Give back exactly the line that contains "2.867)], close=True, dxfattribs=at)" and all the lines after it in the records below, to the very last, with no other output.

--*--

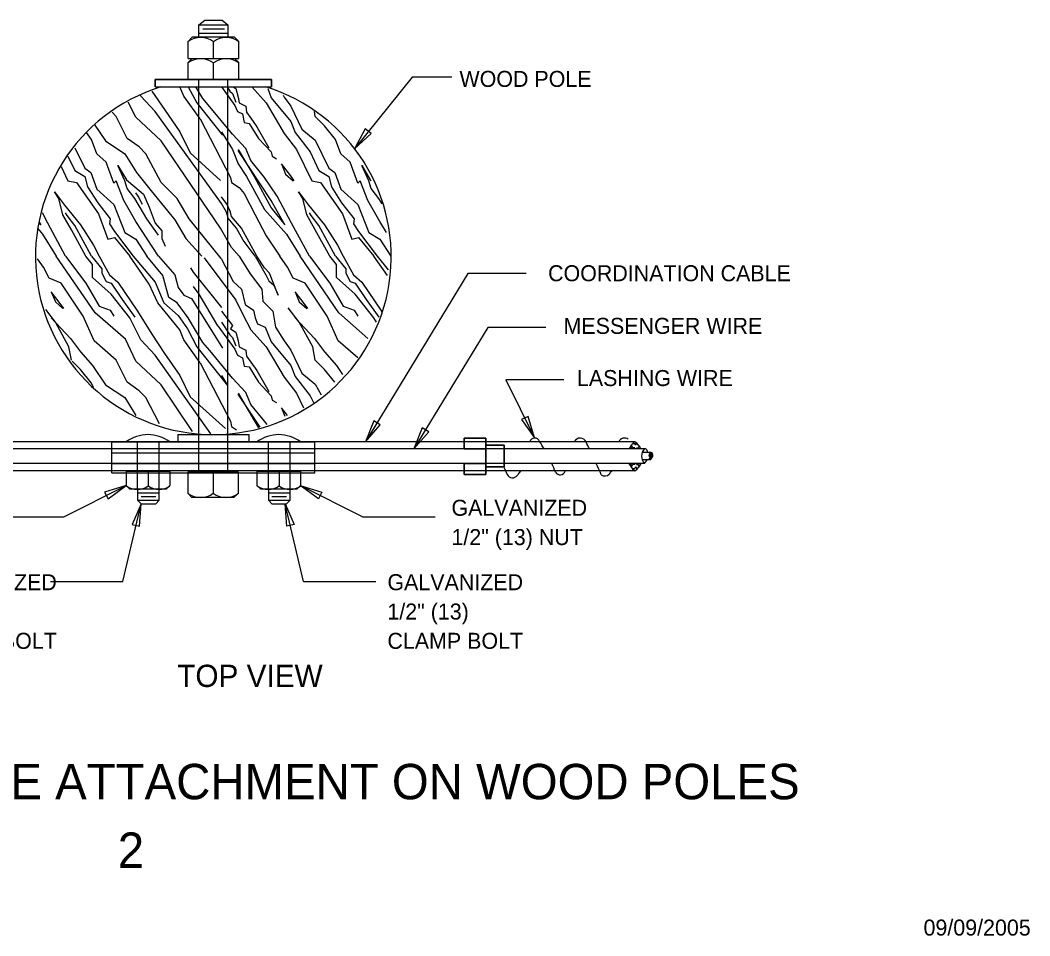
# Model space of a CAD drawing. Extents: x 1.2 to 16.3, y 0.2 to 9.9.
# Drawn here: x 10.66 to 16.33, y 0.23 to 5.38 of the extents above; entities that cross this region are included whole.
import ezdxf

# ---------------------------------------------------------------- set-up
doc = ezdxf.new("R2010")
doc.units = 0
for name, color, linetype in [('SD_P_Dimension Lines', 7, 'Continuous'), ('SD_P_Dimension Text', 7, 'Continuous'), ('SD_P_Frame', 7, 'Continuous'), ('SD_P_Prop Hidden Lines', 7, 'Continuous'), ('SD_P_Prop Object Lines', 7, 'Continuous'), ('SD_P_Shading', 7, 'Continuous'), ('SD_P_Subtitles', 7, 'Continuous')]:
    doc.layers.add(name, color=color, linetype=linetype)

msp = doc.modelspace()

# ---------------------------------------------------------------- linework, layer by layer
at = {"layer": 'SD_P_Dimension Lines'}
for p, q in [((12.86, 5.059), (12.537, 4.656)), ((13.084, 5.059), (12.86, 5.059)), ((12.597, 4.768), (12.537, 4.656)), ((12.63, 4.742), (12.597, 4.768)), ((12.537, 4.656), (12.63, 4.742)), ((13.174, 3.954), (12.598, 3.008)), ((13.5, 3.954), (13.174, 3.954)), ((13.285, 3.651), (12.869, 2.969)), ((13.611, 3.651), (13.285, 3.651)), ((13.712, 3.356), (13.386, 3.356)), ((13.386, 3.356), (13.548, 3.03)), ((12.645, 3.126), (12.598, 3.008)), ((12.681, 3.104), (12.645, 3.126)), ((13.512, 3.151), (13.474, 3.133)), ((13.474, 3.133), (13.548, 3.03)), ((13.548, 3.03), (13.512, 3.151)), ((12.598, 3.008), (12.681, 3.104)), ((12.917, 3.087), (12.869, 2.969)), ((12.869, 2.969), (12.953, 3.064)), ((12.953, 3.064), (12.917, 3.087)), ((10.902, 2.586), (11.253, 2.762)), ((11.253, 2.762), (11.132, 2.725)), ((11.132, 2.725), (11.151, 2.687)), ((11.151, 2.687), (11.253, 2.762)), ((12.582, 2.586), (12.231, 2.762)), ((12.333, 2.687), (12.231, 2.762)), ((12.231, 2.762), (12.352, 2.725)), ((12.352, 2.725), (12.333, 2.687)), ((11.234, 2.223), (11.337, 2.66)), ((11.337, 2.66), (11.287, 2.544)), ((11.328, 2.534), (11.337, 2.66)), ((12.25, 2.223), (12.147, 2.66)), ((12.156, 2.534), (12.147, 2.66)), ((12.147, 2.66), (12.197, 2.544)), ((10.495, 2.586), (10.902, 2.586)), ((12.582, 2.586), (12.989, 2.586)), ((11.287, 2.544), (11.328, 2.534)), ((12.197, 2.544), (12.156, 2.534)), ((10.827, 2.223), (11.234, 2.223)), ((12.25, 2.223), (12.657, 2.223))]:
    msp.add_line(p, q, dxfattribs=at)
at = {"layer": 'SD_P_Prop Hidden Lines'}
for p, q in [((11.6619, 2.8718), (11.6619, 5.0447)), ((11.8251, 2.8718), (11.8251, 5.0447)), ((11.317, 2.7417), (11.317, 3.0077)), ((11.439, 2.7417), (11.439, 3.0077)), ((12.052, 2.7417), (12.052, 3.0077)), ((12.174, 2.7417), (12.174, 3.0077)), ((13.275, 3.0077), (13.153, 3.0077)), ((13.377, 2.9687), (13.275, 2.9687)), ((13.275, 2.8444), (13.153, 2.8444)), ((13.377, 2.8871), (13.275, 2.8871)), ((11.498, 2.8327), (11.253, 2.8327)), ((11.884, 2.8327), (11.599, 2.8327)), ((12.233, 2.8327), (11.988, 2.8327)), ((13.275, 2.8238), (13.153, 2.8238))]:
    msp.add_line(p, q, dxfattribs=at)
at = {"layer": 'SD_P_Prop Object Lines'}
for p, q in [((11.662, 5.353), (11.696, 5.379)), ((11.662, 5.283), (11.662, 5.353)), ((11.662, 5.353), (11.825, 5.353)), ((11.696, 5.379), (11.792, 5.379)), ((11.792, 5.379), (11.825, 5.353)), ((11.825, 5.353), (11.825, 5.283)), ((11.624, 5.283), (11.601, 5.26)), ((11.862, 5.283), (11.624, 5.283)), ((11.662, 5.306), (11.825, 5.306)), ((11.683, 5.33), (11.805, 5.33)), ((11.886, 5.26), (11.862, 5.283)), ((11.601, 5.164), (11.601, 5.26)), ((11.743, 5.164), (11.743, 5.26)), ((11.886, 5.164), (11.886, 5.26)), ((11.601, 5.164), (11.886, 5.164)), ((11.601, 5.141), (11.624, 5.164)), ((11.886, 5.141), (11.862, 5.164)), ((11.601, 5.045), (11.601, 5.141)), ((11.601, 5.045), (11.601, 5.127)), ((11.743, 5.045), (11.743, 5.141)), ((11.743, 5.045), (11.743, 5.127)), ((11.886, 5.045), (11.886, 5.141)), ((11.886, 5.045), (11.886, 5.127)), ((12.07, 5.045), (11.416, 5.045)), ((11.416, 5.004), (11.416, 5.045)), ((11.416, 5.004), (12.07, 5.004)), ((11.417, 5.045), (12.069, 5.045)), ((11.417, 5.004), (11.417, 5.045)), ((11.437, 5.045), (12.049, 5.045)), ((12.069, 5.045), (12.069, 5.005)), ((12.07, 5.004), (12.07, 5.045)), ((13.153, 3.0077), (10.356, 3.0077)), ((11.172, 2.833), (11.172, 3.008)), ((11.172, 3.0077), (11.943, 3.0077)), ((11.172, 3.0077), (12.314, 3.0077)), ((11.543, 3.049), (11.543, 3.008)), ((11.543, 3.049), (11.943, 3.049)), ((11.943, 3.049), (11.943, 3.008)), ((12.314, 2.833), (12.314, 3.008)), ((14.1126, 3.0077), (13.275, 3.0077)), ((13.275, 2.9687), (10.234, 2.9687)), ((14.1665, 2.9687), (13.377, 2.9687)), ((14.082, 2.975), (14.091, 2.975)), ((14.082, 2.9737), (14.0856, 2.9687)), ((14.095, 2.985), (14.091, 2.975)), ((14.095, 2.985), (14.101, 2.975)), ((14.101, 2.998), (14.104, 3.002)), ((14.101, 2.998), (14.112, 2.998)), ((14.112, 2.975), (14.101, 2.975)), ((14.112, 2.9747), (14.1075, 2.9687)), ((14.116, 2.989), (14.112, 2.998)), ((14.116, 2.989), (14.12, 2.998)), ((14.124, 2.998), (14.12, 2.998)), ((14.12, 2.975), (14.13, 2.975)), ((14.12, 2.9747), (14.1245, 2.9687)), ((14.136, 2.985), (14.13, 2.975)), ((14.137, 2.983), (14.14, 2.975)), ((14.142, 2.975), (14.14, 2.975)), ((14.1665, 2.9687), (14.147, 2.9687)), ((11.172, 2.9467), (12.314, 2.9467)), ((14.201, 2.948), (14.153, 2.948)), ((14.199, 2.907), (14.153, 2.907)), ((14.199, 2.948), (14.191, 2.936)), ((14.191, 2.936), (14.193, 2.93)), ((14.193, 2.93), (14.199, 2.923)), ((14.199, 2.923), (14.193, 2.915)), ((14.193, 2.915), (14.199, 2.907)), ((14.201, 2.948), (14.195, 2.936)), ((14.195, 2.936), (14.197, 2.925)), ((14.205, 2.946), (14.197, 2.934)), ((14.197, 2.934), (14.201, 2.925)), ((14.197, 2.925), (14.201, 2.921)), ((14.201, 2.921), (14.197, 2.913)), ((14.197, 2.913), (14.199, 2.911)), ((14.205, 2.942), (14.199, 2.932)), ((14.199, 2.932), (14.207, 2.93)), ((14.199, 2.907), (14.207, 2.919)), ((14.199, 2.911), (14.205, 2.919)), ((14.211, 2.942), (14.201, 2.948)), ((14.201, 2.915), (14.207, 2.928)), ((14.201, 2.925), (14.201, 2.915)), ((14.203, 2.923), (14.205, 2.936)), ((14.207, 2.93), (14.203, 2.923)), ((14.209, 2.942), (14.205, 2.946)), ((14.207, 2.928), (14.205, 2.942)), ((14.205, 2.919), (14.211, 2.93)), ((14.207, 2.919), (14.213, 2.925)), ((14.211, 2.93), (14.209, 2.942)), ((14.213, 2.936), (14.211, 2.942)), ((14.213, 2.925), (14.213, 2.936)), ((13.275, 2.8871), (10.234, 2.8871)), ((13.153, 2.8444), (10.356, 2.8444)), ((11.172, 2.8857), (12.314, 2.8857)), ((11.253, 2.844), (11.498, 2.844)), ((11.253, 2.844), (11.253, 2.762)), ((11.377, 2.844), (11.377, 2.762)), ((11.498, 2.844), (11.498, 2.762)), ((11.884, 2.837), (11.599, 2.837)), ((11.599, 2.837), (11.599, 2.719)), ((11.6619, 2.8367), (11.6619, 2.8718)), ((11.742, 2.837), (11.742, 2.719)), ((11.8251, 2.8367), (11.8251, 2.8718)), ((11.884, 2.719), (11.884, 2.837)), ((11.988, 2.844), (12.233, 2.844)), ((11.988, 2.844), (11.988, 2.762)), ((12.112, 2.844), (12.112, 2.762)), ((12.233, 2.844), (12.233, 2.762)), ((14.1116, 2.8444), (13.275, 2.8444)), ((14.1663, 2.8871), (13.377, 2.8871)), ((14.082, 2.8817), (14.0856, 2.8867)), ((14.082, 2.881), (14.091, 2.881)), ((14.095, 2.871), (14.091, 2.881)), ((14.095, 2.871), (14.101, 2.881)), ((14.112, 2.881), (14.101, 2.881)), ((14.101, 2.859), (14.112, 2.859)), ((14.101, 2.859), (14.106, 2.851)), ((14.1017, 2.8871), (14.1197, 2.8871)), ((14.106, 2.849), (14.106, 2.851)), ((14.112, 2.8807), (14.1075, 2.8867)), ((14.116, 2.867), (14.112, 2.859)), ((14.116, 2.867), (14.12, 2.859)), ((14.12, 2.8807), (14.1245, 2.8867)), ((14.12, 2.881), (14.13, 2.881)), ((14.128, 2.859), (14.12, 2.859)), ((14.136, 2.871), (14.13, 2.881)), ((14.136, 2.871), (14.14, 2.881)), ((14.143, 2.881), (14.14, 2.881)), ((14.146, 2.8857), (14.1453, 2.8867)), ((11.253, 2.8327), (11.172, 2.8327)), ((11.599, 2.8327), (11.498, 2.8327)), ((11.988, 2.8327), (11.884, 2.8327)), ((12.314, 2.8327), (12.233, 2.8327)), ((11.274, 2.742), (11.253, 2.762)), ((11.478, 2.742), (11.274, 2.742)), ((11.317, 2.742), (11.317, 2.681)), ((11.439, 2.681), (11.439, 2.742)), ((11.498, 2.762), (11.478, 2.742)), ((12.009, 2.742), (11.988, 2.762)), ((12.213, 2.742), (12.009, 2.742)), ((12.052, 2.742), (12.052, 2.681)), ((12.174, 2.681), (12.174, 2.742)), ((12.233, 2.762), (12.213, 2.742)), ((11.317, 2.722), (11.439, 2.722)), ((11.317, 2.681), (11.337, 2.66)), ((11.317, 2.681), (11.439, 2.681)), ((11.337, 2.701), (11.419, 2.701)), ((11.419, 2.66), (11.439, 2.681)), ((11.599, 2.719), (11.622, 2.695)), ((11.859, 2.695), (11.622, 2.695)), ((11.859, 2.695), (11.884, 2.719)), ((12.052, 2.722), (12.174, 2.722)), ((12.052, 2.681), (12.072, 2.66)), ((12.052, 2.681), (12.174, 2.681)), ((12.072, 2.701), (12.154, 2.701)), ((12.154, 2.66), (12.174, 2.681)), ((11.337, 2.66), (11.419, 2.66)), ((12.072, 2.66), (12.154, 2.66))]:
    msp.add_line(p, q, dxfattribs=at)
for points in [[(11.669, 4.824), (11.578, 4.952), (11.554, 5.004)], [(11.602, 5.004), (11.65, 4.914), (11.794, 4.732)], [(11.724, 4.892), (11.683, 4.938), (11.645, 5.004)], [(11.788, 5.004), (11.864, 4.899), (11.878, 4.866), (11.907, 4.852), (11.916, 4.804), (11.945, 4.799), (11.997, 4.714), (12.068, 4.638), (12.073, 4.614), (12.097, 4.6)], [(11.821, 5.004), (11.835, 4.98), (11.85, 4.966), (11.869, 4.918)], [(11.854, 5.004), (11.869, 4.995), (11.883, 4.947), (11.888, 4.914), (11.907, 4.904), (11.926, 4.895), (11.93, 4.861), (11.954, 4.828), (11.988, 4.78), (12.054, 4.661)], [(11.959, 5.004), (12.04, 4.914), (12.14, 4.742), (12.211, 4.652), (12.297, 4.476), (12.345, 4.466), (12.468, 4.29), (12.521, 4.147), (12.559, 4.157), (12.644, 4.052)], [(12.049, 4.995), (12.068, 4.942), (12.178, 4.809), (12.202, 4.747), (12.287, 4.638), (12.335, 4.533), (12.392, 4.5), (12.406, 4.442), (12.464, 4.352), (12.535, 4.262), (12.53, 4.233), (12.559, 4.19), (12.663, 4.052)], [(11.788, 4.348), (11.416, 4.866), (11.335, 4.952), (11.331, 4.961)], [(11.397, 4.98), (11.469, 4.876), (11.554, 4.752), (11.612, 4.633), (11.784, 4.478)], [(12.135, 4.957), (12.14, 4.947), (12.178, 4.895), (12.24, 4.766), (12.316, 4.704), (12.392, 4.547), (12.425, 4.523), (12.459, 4.428), (12.554, 4.343), (12.616, 4.185), (12.678, 4.147), (12.74, 4.052)], [(11.783, 4.209), (11.45, 4.7), (11.307, 4.833), (11.264, 4.918)], [(12.283, 4.052), (12.183, 4.238), (12.102, 4.39), (12.03, 4.495), (11.954, 4.59), (11.926, 4.657), (11.85, 4.738), (11.724, 4.892)], [(11.787, 4.039), (11.607, 4.262), (11.54, 4.376), (11.45, 4.466), (11.364, 4.628), (11.326, 4.666), (11.259, 4.714), (11.197, 4.838), (11.174, 4.861)], [(11.669, 4.824), (11.84, 4.495), (11.845, 4.466), (11.888, 4.438), (11.916, 4.404), (11.978, 4.285), (12.04, 4.166), (12.116, 4.052)], [(12.716, 4.185), (12.678, 4.247), (12.611, 4.366), (12.568, 4.476), (12.554, 4.462), (12.511, 4.581), (12.459, 4.628), (12.43, 4.709), (12.368, 4.785), (12.316, 4.838), (12.311, 4.866)], [(11.074, 4.795), (11.136, 4.7), (11.245, 4.628), (11.312, 4.523), (11.393, 4.419), (11.526, 4.257), (11.588, 4.152), (11.678, 4.052)], [(11.435, 4.052), (11.307, 4.247), (11.24, 4.366), (11.197, 4.476), (11.183, 4.462), (11.14, 4.581), (11.088, 4.628), (11.059, 4.709), (11.031, 4.747)], [(11.788, 4.752), (11.85, 4.652), (11.883, 4.571), (11.93, 4.5), (12.03, 4.314), (12.078, 4.262), (12.154, 4.176), (12.23, 4.052)], [(10.964, 4.661), (11.021, 4.547), (11.055, 4.523), (11.088, 4.428), (11.183, 4.343), (11.245, 4.185), (11.307, 4.147), (11.369, 4.052)], [(10.926, 4.614), (10.964, 4.533), (11.021, 4.5), (11.036, 4.442), (11.093, 4.352), (11.164, 4.262), (11.159, 4.233), (11.188, 4.19), (11.293, 4.052)], [(11.883, 4.652), (11.973, 4.5), (12.068, 4.323), (12.145, 4.228), (12.068, 4.366), (11.883, 4.647)], [(10.888, 4.557), (10.926, 4.476), (10.974, 4.466), (11.097, 4.29), (11.15, 4.147), (11.188, 4.157), (11.274, 4.052)], [(11.435, 4.171), (11.369, 4.262), (11.302, 4.376), (11.259, 4.433), (11.245, 4.476), (11.207, 4.561), (11.255, 4.481), (11.302, 4.442), (11.35, 4.4), (11.383, 4.328), (11.416, 4.238), (11.454, 4.195), (11.454, 4.152), (11.473, 4.109)], [(12.197, 4.476), (12.178, 4.504), (12.126, 4.571), (12.149, 4.514), (12.192, 4.476)], [(12.692, 4.347), (12.673, 4.376), (12.63, 4.433), (12.616, 4.476), (12.578, 4.561), (12.625, 4.481), (12.63, 4.476)], [(11.026, 4.052), (10.945, 4.2), (10.898, 4.285), (10.874, 4.376), (10.85, 4.414), (10.907, 4.338), (10.997, 4.228), (11.069, 4.114), (11.102, 4.052)], [(11.345, 4.343), (11.321, 4.39), (11.307, 4.409)], [(11.988, 4.052), (11.902, 4.209), (11.845, 4.276), (11.84, 4.3), (11.821, 4.343), (11.788, 4.385)], [(12.397, 4.052), (12.316, 4.2), (12.268, 4.285), (12.245, 4.376), (12.221, 4.414), (12.278, 4.338), (12.368, 4.228), (12.44, 4.114), (12.473, 4.052)], [(11.978, 4.052), (11.911, 4.143), (11.873, 4.209), (11.826, 4.266), (11.816, 4.3), (11.788, 4.348)], [(10.912, 4.052), (10.812, 4.238), (10.783, 4.295)], [(11.059, 4.052), (10.964, 4.224), (10.921, 4.281), (10.912, 4.295)], [(12.43, 4.052), (12.335, 4.224), (12.292, 4.281), (12.283, 4.295)], [(10.755, 4.209), (10.783, 4.176), (10.859, 4.052)], [(10.764, 4.243), (10.774, 4.228), (10.764, 4.243)], [(11.888, 4.052), (11.845, 4.1), (11.783, 4.209)], [(11.44, 3.11), (11.364, 3.257), (11.326, 3.295), (11.259, 3.343), (11.197, 3.467), (11.074, 3.576), (11.012, 3.714), (10.888, 3.9), (10.821, 3.928), (10.788, 3.99), (10.755, 4.038)], [(11.626, 3.067), (11.45, 3.329), (11.307, 3.462), (11.25, 3.586), (11.078, 3.733), (10.859, 4.052)], [(10.912, 4.052), (11.026, 3.9), (11.102, 3.771), (11.164, 3.748), (11.183, 3.714)], [(11.728, 3.054), (11.416, 3.495), (11.335, 3.581), (11.274, 3.705), (11.169, 3.838), (11.064, 3.933), (11.064, 4.005), (11.026, 4.052)], [(11.059, 4.052), (11.116, 3.981), (11.116, 3.957), (11.14, 3.909), (11.169, 3.9), (11.231, 3.809), (11.302, 3.709)], [(11.102, 4.052), (11.159, 3.947), (11.207, 3.905), (11.316, 3.743), (11.397, 3.614), (11.469, 3.505), (11.554, 3.381), (11.612, 3.262), (11.812, 3.084)], [(11.669, 3.453), (11.578, 3.581), (11.554, 3.638), (11.431, 3.79), (11.383, 3.895), (11.274, 4.052)], [(11.293, 4.052), (11.416, 3.905), (11.464, 3.79), (11.545, 3.719), (11.597, 3.643), (11.65, 3.543), (11.823, 3.325)], [(11.724, 3.521), (11.683, 3.567), (11.602, 3.705), (11.54, 3.79), (11.493, 3.819), (11.459, 3.943), (11.369, 4.052)], [(11.435, 4.052), (11.526, 3.947), (11.545, 3.876), (11.578, 3.833), (11.621, 3.814), (11.795, 3.535)], [(11.692, 4.043), (11.869, 3.805), (11.907, 3.728), (11.954, 3.638), (12.04, 3.543), (12.14, 3.371), (12.211, 3.281), (12.249, 3.2)], [(11.692, 4.043), (11.692, 4.043)], [(11.787, 4.039), (11.854, 3.909), (11.902, 3.867), (11.921, 3.781), (11.969, 3.748), (11.978, 3.705), (11.992, 3.671), (12.035, 3.652), (12.068, 3.571), (12.178, 3.438), (12.202, 3.376), (12.287, 3.267), (12.306, 3.229)], [(11.888, 4.052), (11.949, 3.952), (12.016, 3.867), (12.021, 3.8), (12.078, 3.743), (12.092, 3.652), (12.14, 3.576), (12.178, 3.524), (12.24, 3.395), (12.316, 3.333), (12.349, 3.272)], [(11.978, 4.052), (12.04, 3.943), (12.054, 3.914), (12.083, 3.89), (12.107, 3.833), (12.059, 3.957), (12.03, 3.986), (11.988, 4.052)], [(12.554, 3.481), (12.445, 3.576), (12.383, 3.714), (12.259, 3.9), (12.192, 3.928), (12.159, 3.99), (12.116, 4.052)], [(12.611, 3.59), (12.449, 3.733), (12.23, 4.052)], [(12.283, 4.052), (12.397, 3.9), (12.473, 3.771), (12.535, 3.748), (12.554, 3.714)], [(12.659, 3.681), (12.644, 3.705), (12.54, 3.838), (12.435, 3.933), (12.435, 4.005), (12.397, 4.052)], [(12.43, 4.052), (12.487, 3.981), (12.487, 3.957), (12.511, 3.909), (12.54, 3.9), (12.602, 3.809), (12.673, 3.709)], [(12.473, 4.052), (12.53, 3.947), (12.578, 3.905), (12.687, 3.743), (12.687, 3.738)], [(12.721, 3.943), (12.644, 4.052)], [(12.663, 4.052), (12.725, 3.976)], [(11.791, 3.763), (11.631, 3.962), (11.616, 3.986)], [(11.768, 3.661), (11.664, 3.838), (11.631, 3.881)], [(10.902, 3.757), (10.883, 3.786), (10.831, 3.852), (10.855, 3.795), (10.898, 3.757)], [(12.273, 3.757), (12.254, 3.786), (12.202, 3.852), (12.226, 3.795), (12.268, 3.757)], [(10.945, 3.467), (10.931, 3.543), (10.855, 3.681), (10.802, 3.752)], [(12.425, 3.343), (12.368, 3.414), (12.316, 3.467), (12.302, 3.543), (12.226, 3.681), (12.164, 3.762)], [(10.831, 3.705), (10.94, 3.59), (10.997, 3.514), (11.064, 3.438), (11.136, 3.329), (11.245, 3.257), (11.307, 3.157)], [(11.788, 3.743), (11.85, 3.662), (11.84, 3.643), (11.869, 3.624), (11.883, 3.576), (11.888, 3.543), (11.907, 3.533), (11.926, 3.524), (11.93, 3.49), (11.954, 3.457), (11.988, 3.41), (12.054, 3.291)], [(12.202, 3.705), (12.311, 3.59), (12.368, 3.514), (12.435, 3.438), (12.468, 3.386)], [(11.768, 3.661), (11.864, 3.529), (11.878, 3.495), (11.907, 3.481), (11.916, 3.433), (11.945, 3.429), (11.997, 3.343), (12.068, 3.267), (12.073, 3.243), (12.097, 3.229)], [(11.788, 3.681), (11.835, 3.609), (11.85, 3.595), (11.869, 3.548)], [(12.045, 3.105), (12.03, 3.124), (11.954, 3.219), (11.926, 3.286), (11.85, 3.367), (11.724, 3.521)], [(11.069, 3.314), (11.059, 3.338), (10.997, 3.414), (10.95, 3.462)], [(11.669, 3.453), (11.84, 3.124), (11.845, 3.095), (11.873, 3.076)], [(11.788, 3.381), (11.823, 3.325)], [(11.883, 3.281), (11.973, 3.129), (11.997, 3.086)], [(12.007, 3.091), (11.883, 3.276)], [(12.159, 3.157), (12.126, 3.2), (12.145, 3.153)], [(13.153, 2.9687), (13.153, 3.0287)], [(13.153, 3.0287), (13.275, 3.0287)], [(13.275, 3.0287), (13.275, 2.9687)], [(13.275, 2.9687), (13.153, 2.9687)], [(13.153, 2.8867), (13.275, 2.8867)], [(13.275, 2.8867), (13.275, 2.8237), (13.153, 2.8237), (13.153, 2.8867)]]:
    msp.add_lwpolyline(points, dxfattribs=at)
msp.add_lwpolyline([(13.275, 2.99), (13.377, 2.99), (13.377, 2.867), (13.275, 2.867)], close=True, dxfattribs=at)
for centre, radius, start, end in [((11.6718, 5.1624), 0.1191, 53.1301, 126.8699), ((11.8147, 5.1624), 0.1191, 53.1301, 126.8699), ((11.6718, 5.0433), 0.1191, 53.1301, 126.8699), ((11.8147, 5.0433), 0.1191, 53.1301, 126.8699), ((11.743, 4.0486), 0.9996, 107.1776, 72.8224), ((11.3755, 2.8443), 0.2042, 53.1301, 126.8699), ((12.1105, 2.8443), 0.2042, 53.1301, 126.8699), ((13.5492, 3.0008), 0.0288, 19.2238, 165.0184), ((12.6061, 2.3981), 1.1473, 29.8235, 32.2495), ((13.8045, 2.9944), 0.0351, 19.5937, 156.8265), ((14.0533, 2.9944), 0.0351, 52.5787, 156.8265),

--*--

[Result of this exercise]:
msp.add_lwpolyline([(13.275, 2.99), (13.377, 2.99), (13.377, 2.867), (13.275, 2.867)], close=True, dxfattribs=at)
for centre, radius, start, end in [((11.6718, 5.1624), 0.1191, 53.1301, 126.8699), ((11.8147, 5.1624), 0.1191, 53.1301, 126.8699), ((11.6718, 5.0433), 0.1191, 53.1301, 126.8699), ((11.8147, 5.0433), 0.1191, 53.1301, 126.8699), ((11.743, 4.0486), 0.9996, 107.1776, 72.8224), ((11.3755, 2.8443), 0.2042, 53.1301, 126.8699), ((12.1105, 2.8443), 0.2042, 53.1301, 126.8699), ((13.5492, 3.0008), 0.0288, 19.2238, 165.0184), ((12.6061, 2.3981), 1.1473, 29.8235, 32.2495), ((13.8045, 2.9944), 0.0351, 19.5937, 156.8265), ((14.0533, 2.9944), 0.0351, 52.5787, 156.8265),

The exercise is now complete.